39  * \brief Struct to contain the range of a capture result
40  *
41  * The range provided is relative to the begining of the searched string.
42  *
43  * \see nrex_node::match()
44  */
45 struct nrex_result
46 {
47     public:
48         int start; /*!< Start of text range */
49         int length; /*!< Length of text range */
50 };
51 
52 class nrex_node;
53 
54 /*!
55  * \brief Holds the compiled regex pattern
56  */
57 class nrex
58 {
59     private:
60         unsigned int _capturing;
61         unsigned int _lookahead_depth;
62         nrex_node* _root;
63     public:
64 
65         /*!
66          * \brief Initialises an empty regex container
67          */
68         nrex();
69 
70         /*!
71          * \brief Initialises and compiles the regex pattern
72          *
73          * This calls nrex::compile() with the same arguments. To check whether
74          * the compilation was successfull, use nrex::valid().
75          *
76          * If the NREX_THROW_ERROR was defined it would automatically throw a
77          * runtime error nrex_compile_error if it encounters a problem when
78          * parsing the pattern.
79          *
80          * \param pattern   The regex pattern
81          * \param captures  The maximum number of capture groups to allow. Any
82          *                  extra would be converted to non-capturing groups.

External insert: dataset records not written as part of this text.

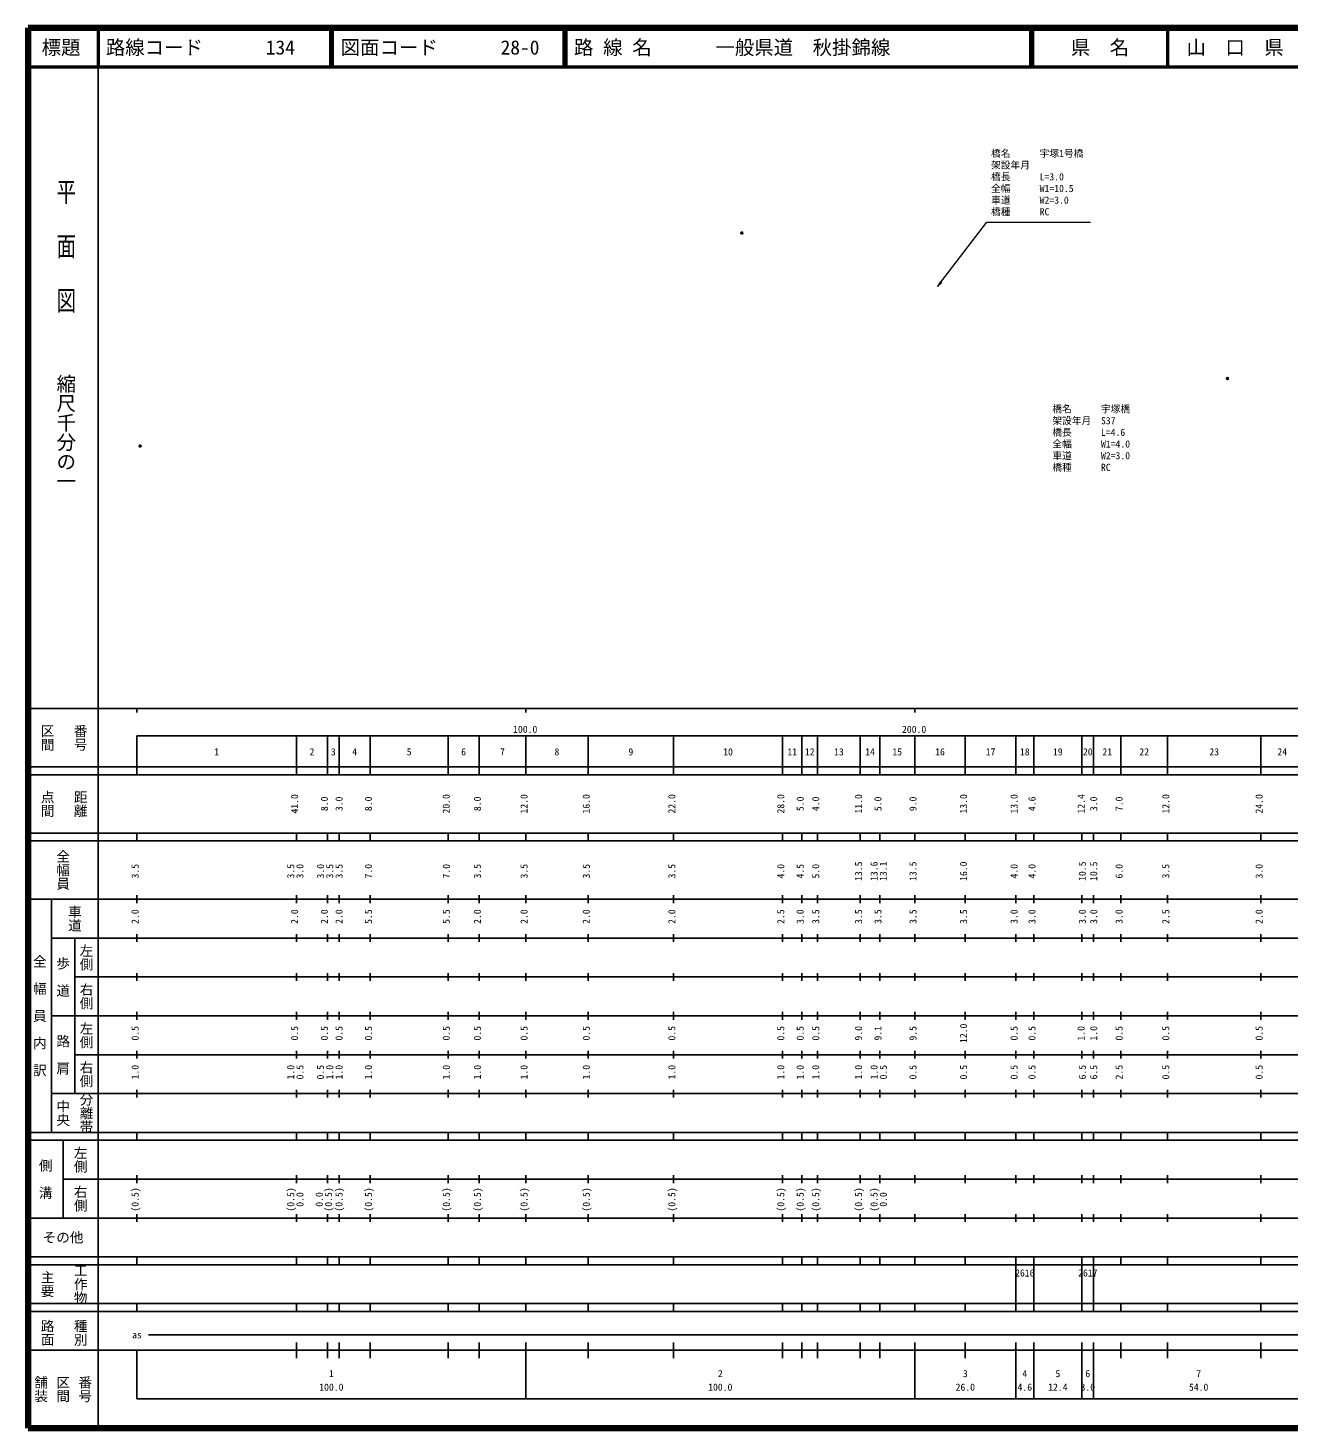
# Model space of a CAD drawing. Units: millimetres on the paper. Extents: x 40 to 680, y 20 to 380.
# Drawn here: x 40 to 364.2, y 20 to 380 of the extents above; entities that cross this region are included whole.
import ezdxf
from ezdxf.enums import TextEntityAlignment as Align

# ---------------------------------------------------------------- set-up
doc = ezdxf.new("R2010")
doc.units = ezdxf.units.MM
doc.header["$PDMODE"] = 32
doc.header["$PDSIZE"] = 0.5
doc.layers.add('M-OTRS', color=6, linetype='Continuous')
doc.layers.add('M-TTL-TXT', color=7, linetype='Continuous')
for name, color, linetype, lineweight in [('M-STR-HTXT', 7, 'Continuous', 13), ('M-TTL', 2, 'Continuous', 140), ('M-TTL-BAND', 7, 'Continuous', 25), ('M-TTL-LINE', 7, 'Continuous', 50)]:
    doc.layers.add(name, color=color, linetype=linetype, lineweight=lineweight)
doc.styles.add('@ＭＳ ゴシック', font='')
doc.styles.add('ＭＳ ゴシック', font='')
doc.styles.get('@ＭＳ ゴシック').set_extended_font_data('@MS Gothic')
doc.styles.get('ＭＳ ゴシック').set_extended_font_data('MS Gothic')

# ---------------------------------------------------------------- blocks, each defined once
blk = doc.blocks.new('open_arrow')
at = {"color": 0, "linetype": 'Continuous', "lineweight": -2}
blk.add_lwpolyline([(7.5, 1.25), (0, 0), (7.5, -1.25)], dxfattribs=at)

msp = doc.modelspace()

# ---------------------------------------------------------------- linework, layer by layer
at = {"layer": 'M-OTRS'}
for p in [(223.574, 327.286), (348.407, 289.868), (68.81, 272.519)]:
    msp.add_point(p, dxfattribs=at)
at = {"layer": 'M-STR-HTXT'}
msp.add_lwpolyline([(273.876, 313.486), (286.574, 330.048), (313.166, 330.048)], dxfattribs=at)
at = {"layer": 'M-TTL'}
for p, q in [((40, 380), (40, 20)), ((680, 380), (40, 380)), ((40, 20), (680, 20))]:
    msp.add_line(p, q, dxfattribs=at)
at = {"layer": 'M-TTL-BAND'}
for p, q in [((58, 370), (58, 20)), ((40, 205), (579, 205)), ((68, 205), (68, 204)), ((168, 205), (168, 204)), ((268, 205), (268, 204)), ((68, 198), (579, 198)), ((68, 198), (68, 188)), ((109, 188), (109, 198)), ((117, 188), (117, 198)), ((120, 188), (120, 198)), ((128, 188), (128, 198)), ((148, 188), (148, 198)), ((156, 188), (156, 198)), ((168, 188), (168, 198)), ((184, 188), (184, 198)), ((206, 188), (206, 198)), ((234, 188), (234, 198)), ((239, 188), (239, 198)), ((243, 188), (243, 198)), ((254, 188), (254, 198)), ((259, 188), (259, 198)), ((268, 188), (268, 198)), ((281, 188), (281, 198)), ((294, 188), (294, 198)), ((298.6, 188), (298.6, 198)), ((311, 188), (311, 198)), ((314, 188), (314, 198)), ((321, 188), (321, 198)), ((333, 188), (333, 198)), ((357, 188), (357, 198)), ((40, 190), (579, 190)), ((40, 188), (579, 188)), ((40, 173), (579, 173)), ((68, 171), (68, 173)), ((109, 171), (109, 173)), ((117, 171), (117, 173)), ((120, 171), (120, 173)), ((128, 171), (128, 173)), ((148, 171), (148, 173)), ((156, 171), (156, 173)), ((168, 171), (168, 173)), ((184, 171), (184, 173)), ((206, 171), (206, 173)), ((234, 171), (234, 173)), ((239, 171), (239, 173)), ((243, 171), (243, 173)), ((254, 171), (254, 173)), ((259, 171), (259, 173)), ((268, 171), (268, 173)), ((281, 171), (281, 173)), ((294, 171), (294, 173)), ((298.6, 171), (298.6, 173)), ((311, 171), (311, 173)), ((314, 171), (314, 173)), ((321, 171), (321, 173)), ((333, 171), (333, 173)), ((357, 171), (357, 173)), ((40, 171), (579, 171)), ((40, 156), (579, 156)), ((46, 96), (46, 156)), ((68, 155), (68, 157)), ((109, 155), (109, 157)), ((117, 155), (117, 157)), ((120, 155), (120, 157)), ((128, 155), (128, 157)), ((148, 155), (148, 157)), ((156, 155), (156, 157)), ((168, 155), (168, 157)), ((184, 155), (184, 157)), ((206, 155), (206, 157)), ((234, 155), (234, 157)), ((239, 155), (239, 157)), ((243, 155), (243, 157)), ((254, 155), (254, 157)), ((259, 155), (259, 157)), ((268, 155), (268, 157)), ((281, 155), (281, 157)), ((294, 155), (294, 157)), ((298.6, 155), (298.6, 157)), ((311, 155), (311, 157)), ((314, 155), (314, 157)), ((321, 155), (321, 157)), ((333, 155), (333, 157)), ((357, 155), (357, 157)), ((46, 146), (579, 146)), ((52, 146), (52, 106)), ((68, 145), (68, 147)), ((109, 145), (109, 147)), ((117, 145), (117, 147)), ((120, 145), (120, 147)), ((128, 145), (128, 147)), ((148, 145), (148, 147)), ((156, 145), (156, 147)), ((168, 145), (168, 147)), ((184, 145), (184, 147)), ((206, 145), (206, 147)), ((234, 145), (234, 147)), ((239, 145), (239, 147)), ((243, 145), (243, 147)), ((254, 145), (254, 147)), ((259, 145), (259, 147)), ((268, 145), (268, 147)), ((281, 145), (281, 147)), ((294, 145), (294, 147)), ((298.6, 145), (298.6, 147)), ((311, 145), (311, 147)), ((314, 145), (314, 147)), ((321, 145), (321, 147)), ((333, 145), (333, 147)), ((357, 145), (357, 147)), ((68, 135), (68, 137)), ((109, 135), (109, 137)), ((117, 135), (117, 137)), ((120, 135), (120, 137)), ((128, 135), (128, 137)), ((148, 135), (148, 137)), ((156, 135), (156, 137)), ((168, 135), (168, 137)), ((184, 135), (184, 137)), ((206, 135), (206, 137)), ((234, 135), (234, 137)), ((239, 135), (239, 137)), ((243, 135), (243, 137)), ((254, 135), (254, 137)), ((259, 135), (259, 137)), ((268, 135), (268, 137)), ((281, 135), (281, 137)), ((294, 135), (294, 137)), ((298.6, 135), (298.6, 137)), ((311, 135), (311, 137)), ((314, 135), (314, 137)), ((321, 135), (321, 137)), ((333, 135), (333, 137)), ((357, 135), (357, 137)), ((52, 136), (579, 136)), ((46, 126), (579, 126)), ((68, 125), (68, 127)), ((109, 125), (109, 127)), ((117, 125), (117, 127)), ((120, 125), (120, 127)), ((128, 125), (128, 127)), ((148, 125), (148, 127)), ((156, 125), (156, 127)), ((168, 125), (168, 127)), ((184, 125), (184, 127)), ((206, 125), (206, 127)), ((234, 125), (234, 127)), ((239, 125), (239, 127)), ((243, 125), (243, 127)), ((254, 125), (254, 127)), ((259, 125), (259, 127)), ((268, 125), (268, 127)), ((281, 125), (281, 127)), ((294, 125), (294, 127)), ((298.6, 125), (298.6, 127)), ((311, 125), (311, 127)), ((314, 125), (314, 127)), ((321, 125), (321, 127)), ((333, 125), (333, 127)), ((357, 125), (357, 127)), ((52, 116), (579, 116)), ((68, 115), (68, 117)), ((109, 115), (109, 117)), ((117, 115), (117, 117)), ((120, 115), (120, 117)), ((128, 115), (128, 117)), ((148, 115), (148, 117)), ((156, 115), (156, 117)), ((168, 115), (168, 117)), ((184, 115), (184, 117)), ((206, 115), (206, 117)), ((234, 115), (234, 117)), ((239, 115), (239, 117)), ((243, 115), (243, 117)), ((254, 115), (254, 117)), ((259, 115), (259, 117)), ((268, 115), (268, 117)), ((281, 115), (281, 117)), ((294, 115), (294, 117)), ((298.6, 115), (298.6, 117)), ((311, 115), (311, 117)), ((314, 115), (314, 117)), ((321, 115), (321, 117)), ((333, 115), (333, 117)), ((357, 115), (357, 117)), ((46, 106), (579, 106)), ((68, 105), (68, 107)), ((109, 105), (109, 107)), ((117, 105), (117, 107)), ((120, 105), (120, 107)), ((128, 105), (128, 107)), ((148, 105), (148, 107)), ((156, 105), (156, 107)), ((168, 105), (168, 107)), ((184, 105), (184, 107)), ((206, 105), (206, 107)), ((234, 105), (234, 107)), ((239, 105), (239, 107)), ((243, 105), (243, 107)), ((254, 105), (254, 107)), ((259, 105), (259, 107)), ((268, 105), (268, 107)), ((281, 105), (281, 107)), ((294, 105), (294, 107)), ((298.6, 105), (298.6, 107)), ((311, 105), (311, 107)), ((314, 105), (314, 107)), ((321, 105), (321, 107)), ((333, 105), (333, 107)), ((357, 105), (357, 107)), ((40, 96), (579, 96)), ((40, 94), (579, 94)), ((49, 94), (49, 74)), ((68, 94), (68, 96)), ((109, 94), (109, 96)), ((117, 94), (117, 96)), ((120, 94), (120, 96)), ((128, 94), (128, 96)), ((148, 94), (148, 96)), ((156, 94), (156, 96)), ((168, 94), (168, 96)), ((184, 94), (184, 96)), ((206, 94), (206, 96)), ((234, 94), (234, 96)), ((239, 94), (239, 96)), ((243, 94), (243, 96)), ((254, 94), (254, 96)), ((259, 94), (259, 96)), ((268, 94), (268, 96)), ((281, 94), (281, 96)), ((294, 94), (294, 96)), ((298.6, 94), (298.6, 96)), ((311, 94), (311, 96)), ((314, 94), (314, 96)), ((321, 94), (321, 96)), ((333, 94), (333, 96)), ((357, 94), (357, 96)), ((49, 84), (579, 84)), ((68, 83), (68, 85)), ((109, 83), (109, 85)), ((117, 83), (117, 85)), ((120, 83), (120, 85)), ((128, 83), (128, 85)), ((148, 83), (148, 85)), ((156, 83), (156, 85)), ((168, 83), (168, 85)), ((184, 83), (184, 85)), ((206, 83), (206, 85)), ((234, 83), (234, 85)), ((239, 83), (239, 85)), ((243, 83), (243, 85)), ((254, 83), (254, 85)), ((259, 83), (259, 85)), ((268, 83), (268, 85)), ((281, 83), (281, 85)), ((294, 83), (294, 85)), ((298.6, 83), (298.6, 85)), ((311, 83), (311, 85)), ((314, 83), (314, 85)), ((321, 83), (321, 85)), ((333, 83), (333, 85)), ((357, 83), (357, 85)), ((40, 74), (579, 74)), ((68, 73), (68, 75)), ((109, 73), (109, 75)), ((117, 73), (117, 75)), ((120, 73), (120, 75)), ((128, 73), (128, 75)), ((148, 73), (148, 75)), ((156, 73), (156, 75)), ((168, 73), (168, 75)), ((184, 73), (184, 75)), ((206, 73), (206, 75)), ((234, 73), (234, 75)), ((239, 73), (239, 75)), ((243, 73), (243, 75)), ((254, 73), (254, 75)), ((259, 73), (259, 75)), ((268, 73), (268, 75)), ((281, 73), (281, 75)), ((294, 73), (294, 75)), ((298.6, 73), (298.6, 75)), ((311, 73), (311, 75)), ((314, 73), (314, 75)), ((321, 73), (321, 75)), ((333, 73), (333, 75)), ((357, 73), (357, 75)), ((40, 64), (579, 64)), ((40, 62), (579, 62)), ((68, 62), (68, 64)), ((109, 62), (109, 64)), ((117, 62), (117, 64)), ((120, 62), (120, 64)), ((128, 62), (128, 64)), ((148, 62), (148, 64)), ((156, 62), (156, 64)), ((168, 62), (168, 64)), ((184, 62), (184, 64)), ((206, 62), (206, 64)), ((234, 62), (234, 64)), ((239, 62), (239, 64)), ((243, 62), (243, 64)), ((254, 62), (254, 64)), ((259, 62), (259, 64)), ((268, 62), (268, 64)), ((281, 62), (281, 64)), ((294, 62), (294, 64)), ((294, 52), (294, 62)), ((298.6, 62), (298.6, 64)), ((298.6, 52), (298.6, 62)), ((311, 62), (311, 64)), ((311, 52), (311, 62)), ((314, 62), (314, 64)), ((314, 52), (314, 62)), ((321, 62), (321, 64)), ((333, 62), (333, 64)), ((357, 62), (357, 64)), ((40, 52), (579, 52)), ((68, 50), (68, 52)), ((109, 50), (109, 52)), ((117, 50), (117, 52)), ((120, 50), (120, 52)), ((128, 50), (128, 52)), ((148, 50), (148, 52)), ((156, 50), (156, 52)), ((168, 50), (168, 52)), ((184, 50), (184, 52)), ((206, 50), (206, 52)), ((234, 50), (234, 52)), ((239, 50), (239, 52)), ((243, 50), (243, 52)), ((254, 50), (254, 52)), ((259, 50), (259, 52)), ((268, 50), (268, 52)), ((281, 50), (281, 52)), ((294, 50), (294, 52)), ((298.6, 50), (298.6, 52)), ((311, 50), (311, 52)), ((314, 50), (314, 52)), ((321, 50), (321, 52)), ((333, 50), (333, 52)), ((357, 50), (357, 52)), ((40, 50), (579, 50)), ((71, 44), (565, 44)), ((40, 40), (579, 40)), ((68, 40), (68, 27.5)), ((109, 38), (109, 42)), ((117, 38), (117, 42)), ((120, 38), (120, 42)), ((128, 38), (128, 42)), ((148, 38), (148, 42)), ((156, 38), (156, 42)), ((168, 27.5), (168, 42)), ((184, 38), (184, 42)), ((206, 38), (206, 42)), ((234, 38), (234, 42)), ((239, 38), (239, 42)), ((243, 38), (243, 42)), ((254, 38), (254, 42)), ((259, 38), (259, 42)), ((268, 27.5), (268, 42)), ((281, 38), (281, 42)), ((294, 27.5), (294, 42)), ((298.6, 27.5), (298.6, 42)), ((311, 27.5), (311, 42)), ((314, 27.5), (314, 42)), ((321, 38), (321, 42)), ((333, 38), (333, 42)), ((357, 38), (357, 42)), ((68, 27.5), (579, 27.5))]:
    msp.add_line(p, q, dxfattribs=at)
at = {"layer": 'M-TTL-LINE'}
for p, q in [((58, 380), (58, 370)), ((117.75, 380), (117.75, 370)), ((118.25, 380), (118.25, 370)), ((177.75, 380), (177.75, 370)), ((178.25, 380), (178.25, 370)), ((297.75, 380), (297.75, 370)), ((298.25, 380), (298.25, 370)), ((333, 380), (333, 370)), ((40, 370), (680, 370))]:
    msp.add_line(p, q, dxfattribs=at)

# ---------------------------------------------------------------- block references
at = {"layer": 'M-STR-HTXT', "xscale": 0.2, "yscale": 0.2, "rotation": 52.5}
msp.add_blockref('open_arrow', (273.876, 313.486), dxfattribs=at)

# ---------------------------------------------------------------- texts
at = {"layer": 'M-STR-HTXT', "style": 'ＭＳ ゴシック'}
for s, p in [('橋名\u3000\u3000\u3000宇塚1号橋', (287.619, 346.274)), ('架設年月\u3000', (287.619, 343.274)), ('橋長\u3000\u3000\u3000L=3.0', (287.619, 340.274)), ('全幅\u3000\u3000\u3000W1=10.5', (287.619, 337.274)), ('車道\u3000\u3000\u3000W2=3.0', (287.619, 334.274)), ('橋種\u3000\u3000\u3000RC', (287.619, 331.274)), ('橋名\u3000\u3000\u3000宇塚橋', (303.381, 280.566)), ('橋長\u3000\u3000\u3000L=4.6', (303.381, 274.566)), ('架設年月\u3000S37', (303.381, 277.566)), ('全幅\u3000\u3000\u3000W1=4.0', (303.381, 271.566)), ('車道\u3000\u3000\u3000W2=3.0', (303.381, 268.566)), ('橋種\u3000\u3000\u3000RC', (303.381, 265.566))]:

83          *                  If negative, no limit would be imposed. Defaults
84          *                  to 9.
85          *
86          * \see nrex::compile()
87          */
88         nrex(const nrex_char* pattern, int captures = 9);
89 
90         ~nrex();
91 
92         /*!
93          * \brief Removes the compiled regex and frees up the memory
94          */
95         void reset();
96 
97         /*!
98          * \brief Checks if there is a compiled regex being stored
99          * \return True if present, False if not present
100          */
101         bool valid() const;
102 
103         /*!
104          * \brief Provides number of captures the compiled regex uses
105          *
106          * This is used to provide the array size of the captures needed for
107          * nrex::match() to work. The size is actually the number of capture
108          * groups + one for the matching of the entire pattern. This can be
109          * capped using the extra argument given in nrex::compile()
110          * (default 10).
111          *
112          * \return The number of captures
113          */
114         int capture_size() const;
115 
116         /*!
117          * \brief Compiles the provided regex pattern
118          *
119          * This automatically removes the existing compiled regex if already
120          * present.
121          *
122          * If the NREX_THROW_ERROR was defined it would automatically throw a
123          * runtime error nrex_compile_error if it encounters a problem when
124          * parsing the pattern.
125          *
126          * \param pattern   The regex pattern
127          * \param captures  The maximum number of capture groups to allow. Any
128          *                  extra would be converted to non-capturing groups.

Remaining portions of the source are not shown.